# Data shown
—————

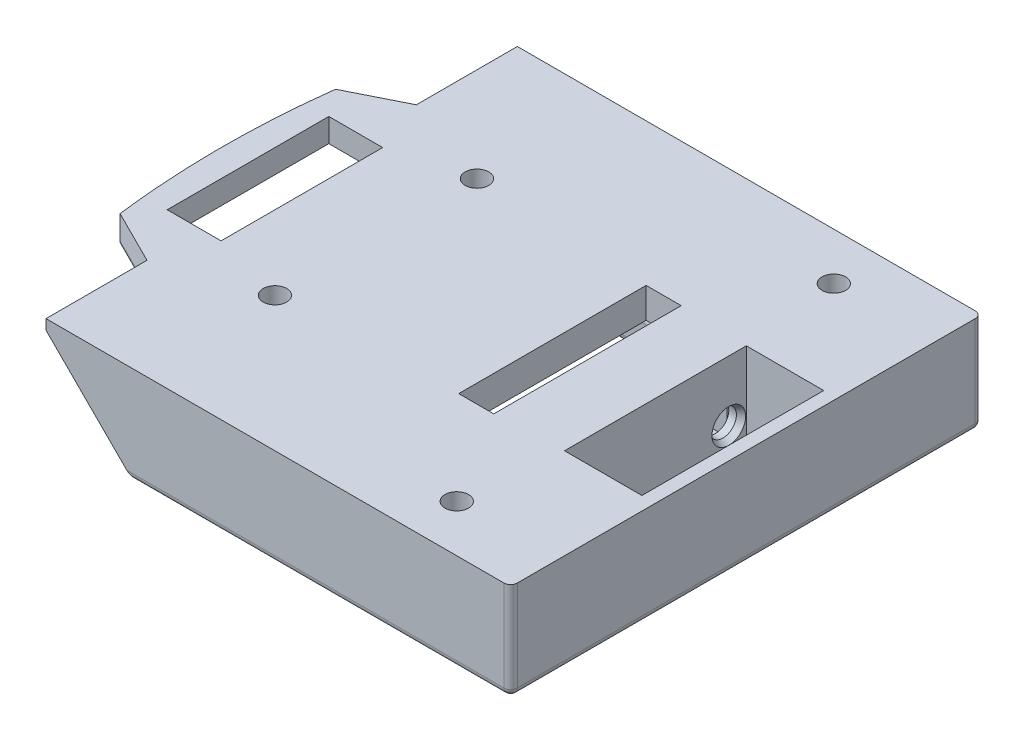
SolidWorks part; units mm, degrees
ref_plane "Front Plane" through (0, 0, 0) normal (0, 0, 1) x (1, 0, 0)
ref_plane "Top Plane" through (0, 0, 0) normal (0, 1, 0) x (1, 0, 0)
ref_plane "Right Plane" through (0, 0, 0) normal (1, 0, 0) x (0, 0, -1)
sketch "Sketch1" plane through (0, 0, 0) normal (0, 1, 0) x (1, 0, 0)
  line L0 (-32.8514, 19.25) -> (14.1486, 19.25)
  line L5 (14.1486, 19.25) -> (14.1486, 15)
  line L6 (14.1486, 15) -> (-1.3514, 15)
  line L7 (-1.3514, 15) -> (-1.3514, -15)
  line L8 (-1.3514, -15) -> (14.1486, -15)
  line L9 (14.1486, -15) -> (14.1486, -19.25)
  line L10 (14.1486, -19.25) -> (-32.8514, -19.25)
  line L11 (-32.8514, -19.25) -> (-32.8514, -35)
  line L12 (-32.8514, -35) -> (22.1486, -35)
  line L13 (22.1486, -35) -> (22.1486, 35)
  line L14 (22.1486, 35) -> (-32.8514, 35)
  line L15 (-32.8514, 35) -> (-32.8514, 19.25)
  point P10 (22.1486, 0)
  dimension "D1" = 38.5
  dimension "D2" = 30
  dimension "D3" = 55
  dimension "D4" = 23.5
  dimension "D5" = 70
  dimension "D6" = 8
extrude "Boss-Extrude2" add sketch "Sketch1" along normal blind 5
sketch "Sketch5" plane through (0, 5, 0) normal (0, 1, 0) x (1, 0, 0)
  line L0 (-32.8514, 35) -> (22.1486, 35)
  line L1 (22.1486, 35) -> (22.1486, -35)
  line L2 (22.1486, -35) -> (-32.8514, -35)
  line L3 (-32.8514, -35) -> (-32.8514, -23.5)
  line L4 (-32.8514, -19.25) -> (-32.8514, -35) construction
  line L5 (-32.8514, -23.5) -> (14.1486, -23.5)
  line L6 (14.1486, -23.5) -> (14.1486, -15)
  line L7 (14.1486, 23.5) -> (-32.8514, 23.5)
  line L8 (-32.8514, 35) -> (-32.8514, 19.25) construction
  line L9 (-32.8514, 23.5) -> (-32.8514, 35)
  line L10 (14.1486, -15) -> (-1.3514, -15)
  line L11 (-1.3514, -15) -> (-1.3514, 15)
  line L12 (-1.3514, 15) -> (14.1486, 15)
  line L13 (14.1486, 15) -> (14.1486, 23.5)
  dimension "D1" = 47
extrude "Boss-Extrude3" add sketch "Sketch5" along normal blind 5
sketch "Sketch6" plane through (0, 10, 0) normal (0, 1, 0) x (1, 0, 0)
  line L0 (-54.8514, 16) -> (-54.8514, -16) construction
  line L1 (22.1486, 35) -> (-46.8514, 35)
  line L2 (22.1486, 35) -> (22.1486, 23)
  line L3 (22.1486, -35) -> (-46.8514, -35)
  line L5 (-46.8514, 20) -> (-46.8514, -20) construction
  line L6 (-54.8514, 16) -> (-46.8514, 20)
  line L7 (-46.8514, 20) -> (-46.8514, 35)
  line L8 (-54.8514, -16) -> (-46.8514, -20)
  line L9 (-46.8514, -20) -> (-46.8514, -35)
  line L10 (22.1486, 23) -> (32.1486, 23) construction
  line L11 (32.1486, 23) -> (32.1486, -23) construction
  line L12 (32.1486, -23) -> (22.1486, -23) construction
  line L13 (22.1486, -23) -> (22.1486, -35)
  line L15 (-32.8514, -35) -> (22.1486, -35) construction
  line L16 (22.1486, 23) -> (22.1486, -23)
  spline S0 degree 2 poles (-54.8514, -16) (-56.8514, 0) (-54.8514, 16) knots 0 0 0 1 1 1
  point P7 (-54.8514, 0)
  point P12 (-46.8514, 0)
  dimension "D1" = 69
  dimension "D2" = 32
  dimension "D3" = 78
  dimension "D4" = 40
  dimension "D5" = 1
  dimension "D6" = 12
  dimension "D7" = 10
extrude "Boss-Extrude4" add sketch "Sketch6" along normal blind 4.5
chamfer "Chamfer1" distance 3 angle 45 2 edges at (-46.8514, 10, -27.5) (-46.8514, 10, 27.5)
sketch "Sketch7" plane through (0, 0, 35) normal (0, 0, 1) x (1, 0, 0)
  line L7 (-32.8514, 0) -> (22.1486, 0) construction
  line L8 (-33.8514, 0) -> (-43.8514, 10)
  line L9 (-33.8514, 0) -> (-32.8514, 0)
  line L10 (-32.8514, 0) -> (-32.8514, 10)
  line L12 (-32.8514, 10) -> (-43.8514, 10)
  line L13 (-43.8514, 10) -> (-32.8514, 10) construction
  dimension "D1" = 45
extrude "Boss-Extrude5" add sketch "Sketch7" against normal up to surface (11.5 mm away) up to face at (-9.3514, 7.5, 23.5)
sketch "Sketch8" plane through (0, 0, -35) normal (0, 0, -1) x (-1, 0, 0)
  line L0 (43.8514, 10) -> (33.8514, 0)
  line L1 (33.8514, 0) -> (32.8514, 0)
  line L2 (32.8514, 0) -> (32.8514, 10)
  line L3 (-14.1486, 10) -> (43.8514, 10) construction
  line L4 (32.8514, 10) -> (43.8514, 10) construction
  line L5 (32.8514, 10) -> (43.8514, 10)
extrude "Boss-Extrude6" add sketch "Sketch8" against normal up to surface (11.5 mm away) up to face at (-9.3514, 7.5, -23.5)
chamfer "Chamfer7" [suppressed] distance 5 angle 45
fillet "Fillet2" radius 1 12 edges at (-9.3514, 0, 19.25) (-1.3514, 5, 15) (-1.3514, 5, -15) (-1.3514, 0, 0) (-9.3514, 5, -19.25) (-9.3514, 0, -19.25) (-5.8514, 0, -35) (22.1486, 0, 0) (-5.8514, 0, 35) (-9.3514, 5, 19.25) (22.1486, 7.25, -35) (22.1486, 7.25, 35)
chamfer "Chamfer11" [suppressed] distance 5 angle 45
sketch "Sketch11" plane through (0, 10, 0) normal (0, -1, 0) x (1, 0, 0)
  line L0 (22.1486, 34) -> (22.1486, -34) construction
  line L1 (-51.8514, 12) -> (-43.8514, 12)
  line L2 (-51.8514, 12) -> (-51.8514, -12)
  line L3 (-51.8514, -12) -> (-43.8514, -12)
  line L4 (-43.8514, 12) -> (-43.8514, -12)
  point P6 (-51.8514, 0)
  dimension "D1" = 66
  dimension "D2" = 8
  dimension "D3" = 24
extrude "Cut-Extrude6" cut sketch "Sketch11" against normal through all
sketch "Sketch12" plane through (0, 0, 0) normal (0, -1, 0) x (1, 0, 0)
  line L1 (8.6486, 13.5) -> (20.1486, 13.5)
  line L2 (8.6486, 13.5) -> (8.6486, 7)
  line L3 (8.6486, -13.5) -> (20.1486, -13.5)
  line L4 (20.1486, 13.5) -> (20.1486, -13.5)
  line L5 (22.1486, 34) -> (22.1486, -34) construction
  line L6 (-1.3514, -14) -> (-1.3514, 14) construction
  line L10 (8.6486, -7) -> (8.6486, -13.5)
  line L11 (8.6486, 7) -> (8.6486, -7)
  dimension "D1" = 27
  dimension "D2" = 2
  dimension "D3" = 10
extrude "Cut-Extrude7" cut sketch "Sketch12" against normal through all from offset 1 offset against normal yes
sketch "Sketch13" plane through (-1.3514, 0, 0) normal (-1, 0, 0) x (0, 0, 1)
  line L0 (11.4, 2.1716) -> (11.4, 2.25)
  line L1 (-12.6, 8.75) -> (-11.4, 8.75)
  line L2 (-12.6, 8.75) -> (-12.6, 2.25)
  line L3 (-12.6, 2.25) -> (-11.4, 2.25)
  line L4 (-11.4, 8.75) -> (-11.4, 7.5)
  line L17 (12.6, 2.25) -> (11.4, 2.25)
  line L18 (0, 10) -> (0, 1) construction
  line L19 (-14, 1) -> (14, 1) construction
  line L20 (-16, 10) -> (16, 10) construction
  line L23 (-11.4, 2.1716) -> (-11.4, 2.25)
  line L32 (-11.4, 2.1716) -> (-9.4858, 4.0858)
  line L33 (-10.9, 7.5) -> (-11.4, 7.5)
  line L34 (12.6, 8.75) -> (12.6, 2.25)
  line L35 (12.6, 8.75) -> (11.4, 8.75)
  line L36 (11.4, 8.75) -> (11.4, 7.5)
  line L37 (10.9, 7.5) -> (11.4, 7.5)
  line L38 (11.4, 2.1716) -> (9.4858, 4.0858)
  arc A0 (-9.4858, 4.0858) -> (-10.9, 7.5) centre (-10.9, 5.5) ccw
  arc A2 (9.4858, 4.0858) -> (10.9, 7.5) centre (10.9, 5.5) cw
  point P4 (-12, 2.25)
  point P6 (0, 5.5)
  point P15 (-12.6, 5.5)
  dimension "D4" = 4
  dimension "D1" = 12
  dimension "D2" = 1.2
  dimension "D3" = 6.5
  dimension "D5" = 0.5
  dimension "D6" = 45
extrude "Cut-Extrude8" cut sketch "Sketch13" against normal blind 8
fillet "Fillet3" radius 1 3 edges at (-49.3514, 10, 18.75) (-49.3514, 10, -18.75)
fillet "Fillet4" [suppressed] radius 1
chamfer "Chamfer9" distance 1 angle 45 4 edges at (-47.8514, 10, -12) (-43.8514, 10, 0) (-47.8514, 10, 12) (-51.8514, 10, 0)
sketch "Sketch14" plane through (0, 10, 0) normal (0, -1, 0) x (1, 0, 0)
  line L0 (-32.8514, 0) -> (-32.8514, 15) construction
  line L1 (-32.8514, 0) -> (-32.8514, -15) construction
  line L2 (22.1486, 34) -> (22.1486, -34) construction
  line L3 (-32.8514, -15) -> (27.1486, -15) construction
  line L4 (27.1486, -15) -> (27.1486, 15) construction
  line L5 (27.1486, 15) -> (-32.8514, 15) construction
  line L6 (7.1486, 28) -> (7.1486, -28) construction
  circle A0 centre (-32.8514, 15) radius 1.75
  circle A1 centre (-32.8514, -15) radius 1.75
  circle A2 centre (27.1486, -15) radius 1.75
  circle A3 centre (27.1486, 15) radius 1.75
  circle A4 centre (7.1486, 28) radius 1.75
  circle A5 centre (7.1486, -28) radius 1.75
  point P16 (7.1486, 0)
  dimension "D1" = 3.5
  dimension "D2" = 55
  dimension "D5" = 40
  dimension "D3" = 30
  dimension "D4" = 60
  dimension "D6" = 56
extrude "Cut-Extrude9" cut sketch "Sketch14" against normal through all both and the other way through all
chamfer "Chamfer10" distance 2 angle 45 4 edges at (-32.8514, 10, -13.25) (-32.8514, 10, 16.75) (7.1486, 0, -29.75) (7.1486, 0, 26.25)
chamfer "Chamfer8" distance 3 angle 45 2 edges at (-32.8514, 2.5, -19.25) (-32.8514, 2.5, 19.25)
sketch "Sketch16" plane through (0, 10, 0) normal (0, -1, 0) x (1, 0, 0)
  line L1 (-1.3514, 14) -> (-6.5613, 14)
  line L2 (-1.3514, 14) -> (-1.3514, -13.8355)
  line L3 (-1.3514, -13.8355) -> (-6.5613, -13.8355)
  line L4 (-6.5613, 14) -> (-6.5613, -13.8355)
extrude "Cut-Extrude10" cut sketch "Sketch16" against normal through all
sketch "Sketch17" plane through (6.6486, 0, 0) normal (-1, 0, 0) x (0, 0, 1)
  line L0 (0, -7.975) -> (0, 7.975) construction
  circle A0 centre (-10.9, 5.5) radius 2
  circle A1 centre (10.9, 5.5) radius 2
  dimension "D1" = 4
extrude "Cut-Extrude11" cut sketch "Sketch17" against normal up to next
chamfer "Chamfer12" distance 0.5 angle 60 2 edges at (8.6486, 5.5, -8.9) (8.6486, 5.5, 12.9) first distance on face at (8.6486, 5.5, -8.9)

—————

# Exercise instructions
Lines containing the string "surface" are the ones to copy from the entries above.

# Solution to this exercise
extrude "Boss-Extrude5" add sketch "Sketch7" against normal up to surface (11.5 mm away) up to face at (-9.3514, 7.5, 23.5)
extrude "Boss-Extrude6" add sketch "Sketch8" against normal up to surface (11.5 mm away) up to face at (-9.3514, 7.5, -23.5)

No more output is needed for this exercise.